(Exercise):
Extract all data as written.

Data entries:
-------------------------

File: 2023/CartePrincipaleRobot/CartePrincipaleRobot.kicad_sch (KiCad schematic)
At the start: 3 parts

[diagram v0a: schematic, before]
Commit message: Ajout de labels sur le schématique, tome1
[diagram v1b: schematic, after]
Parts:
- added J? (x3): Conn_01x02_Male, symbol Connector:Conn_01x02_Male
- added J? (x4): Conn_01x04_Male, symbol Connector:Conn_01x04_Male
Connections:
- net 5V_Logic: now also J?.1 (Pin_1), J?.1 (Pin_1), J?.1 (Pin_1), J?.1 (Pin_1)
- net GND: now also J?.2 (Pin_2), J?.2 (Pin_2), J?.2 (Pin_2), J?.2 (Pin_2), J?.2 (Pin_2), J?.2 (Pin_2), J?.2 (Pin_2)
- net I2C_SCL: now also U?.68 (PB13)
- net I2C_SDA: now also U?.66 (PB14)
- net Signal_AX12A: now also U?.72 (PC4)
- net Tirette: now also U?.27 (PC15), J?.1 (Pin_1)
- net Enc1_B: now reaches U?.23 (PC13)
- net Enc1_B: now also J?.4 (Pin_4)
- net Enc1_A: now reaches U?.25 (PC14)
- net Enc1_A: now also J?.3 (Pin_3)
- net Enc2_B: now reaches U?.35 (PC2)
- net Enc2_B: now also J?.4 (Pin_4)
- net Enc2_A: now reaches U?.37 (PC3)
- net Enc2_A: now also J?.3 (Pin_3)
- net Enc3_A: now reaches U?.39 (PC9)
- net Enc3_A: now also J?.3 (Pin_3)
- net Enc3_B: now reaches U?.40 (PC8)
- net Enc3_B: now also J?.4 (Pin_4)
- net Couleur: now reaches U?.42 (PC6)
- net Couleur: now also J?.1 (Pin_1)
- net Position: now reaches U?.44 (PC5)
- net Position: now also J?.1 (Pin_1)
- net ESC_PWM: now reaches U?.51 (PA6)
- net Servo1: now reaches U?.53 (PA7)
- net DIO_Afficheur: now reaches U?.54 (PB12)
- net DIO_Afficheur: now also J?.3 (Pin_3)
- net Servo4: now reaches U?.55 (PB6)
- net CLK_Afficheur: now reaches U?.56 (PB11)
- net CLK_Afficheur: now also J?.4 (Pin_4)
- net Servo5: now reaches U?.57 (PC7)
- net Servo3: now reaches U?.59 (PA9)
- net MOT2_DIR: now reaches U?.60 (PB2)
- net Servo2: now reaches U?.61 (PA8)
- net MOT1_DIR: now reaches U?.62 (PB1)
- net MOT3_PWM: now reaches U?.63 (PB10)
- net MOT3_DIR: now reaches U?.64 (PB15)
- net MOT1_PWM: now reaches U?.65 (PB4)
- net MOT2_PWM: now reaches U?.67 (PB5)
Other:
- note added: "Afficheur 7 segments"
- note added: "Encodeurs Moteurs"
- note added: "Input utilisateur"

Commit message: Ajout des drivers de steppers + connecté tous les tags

-------------------------

(Solution to the problem):
File: 2023/CartePrincipaleRobot/CartePrincipaleRobot.kicad_sch (KiCad schematic)
At the start: 3 parts

[diagram v0a: schematic, before]
Commit message: Ajout de labels sur le schématique, tome1
[diagram v1b: schematic, after]
Parts:
- added J? (x3): Conn_01x02_Male, symbol Connector:Conn_01x02_Male
- added J? (x4): Conn_01x04_Male, symbol Connector:Conn_01x04_Male
Connections:
- net 5V_Logic: now also J?.1 (Pin_1), J?.1 (Pin_1), J?.1 (Pin_1), J?.1 (Pin_1)
- net GND: now also J?.2 (Pin_2), J?.2 (Pin_2), J?.2 (Pin_2), J?.2 (Pin_2), J?.2 (Pin_2), J?.2 (Pin_2), J?.2 (Pin_2)
- net I2C_SCL: now also U?.68 (PB13)
- net I2C_SDA: now also U?.66 (PB14)
- net Signal_AX12A: now also U?.72 (PC4)
- net Tirette: now also U?.27 (PC15), J?.1 (Pin_1)
- net Enc1_B: now reaches U?.23 (PC13)
- net Enc1_B: now also J?.4 (Pin_4)
- net Enc1_A: now reaches U?.25 (PC14)
- net Enc1_A: now also J?.3 (Pin_3)
- net Enc2_B: now reaches U?.35 (PC2)
- net Enc2_B: now also J?.4 (Pin_4)
- net Enc2_A: now reaches U?.37 (PC3)
- net Enc2_A: now also J?.3 (Pin_3)
- net Enc3_A: now reaches U?.39 (PC9)
- net Enc3_A: now also J?.3 (Pin_3)
- net Enc3_B: now reaches U?.40 (PC8)
- net Enc3_B: now also J?.4 (Pin_4)
- net Couleur: now reaches U?.42 (PC6)
- net Couleur: now also J?.1 (Pin_1)
- net Position: now reaches U?.44 (PC5)
- net Position: now also J?.1 (Pin_1)
- net ESC_PWM: now reaches U?.51 (PA6)
- net Servo1: now reaches U?.53 (PA7)
- net DIO_Afficheur: now reaches U?.54 (PB12)
- net DIO_Afficheur: now also J?.3 (Pin_3)
- net Servo4: now reaches U?.55 (PB6)
- net CLK_Afficheur: now reaches U?.56 (PB11)
- net CLK_Afficheur: now also J?.4 (Pin_4)
- net Servo5: now reaches U?.57 (PC7)
- net Servo3: now reaches U?.59 (PA9)
- net MOT2_DIR: now reaches U?.60 (PB2)
- net Servo2: now reaches U?.61 (PA8)
- net MOT1_DIR: now reaches U?.62 (PB1)
- net MOT3_PWM: now reaches U?.63 (PB10)
- net MOT3_DIR: now reaches U?.64 (PB15)
- net MOT1_PWM: now reaches U?.65 (PB4)
- net MOT2_PWM: now reaches U?.67 (PB5)
Other:
- note added: "Afficheur 7 segments"
- note added: "Encodeurs Moteurs"
- note added: "Input utilisateur"

Commit message: Ajout des drivers de steppers + connecté tous les tags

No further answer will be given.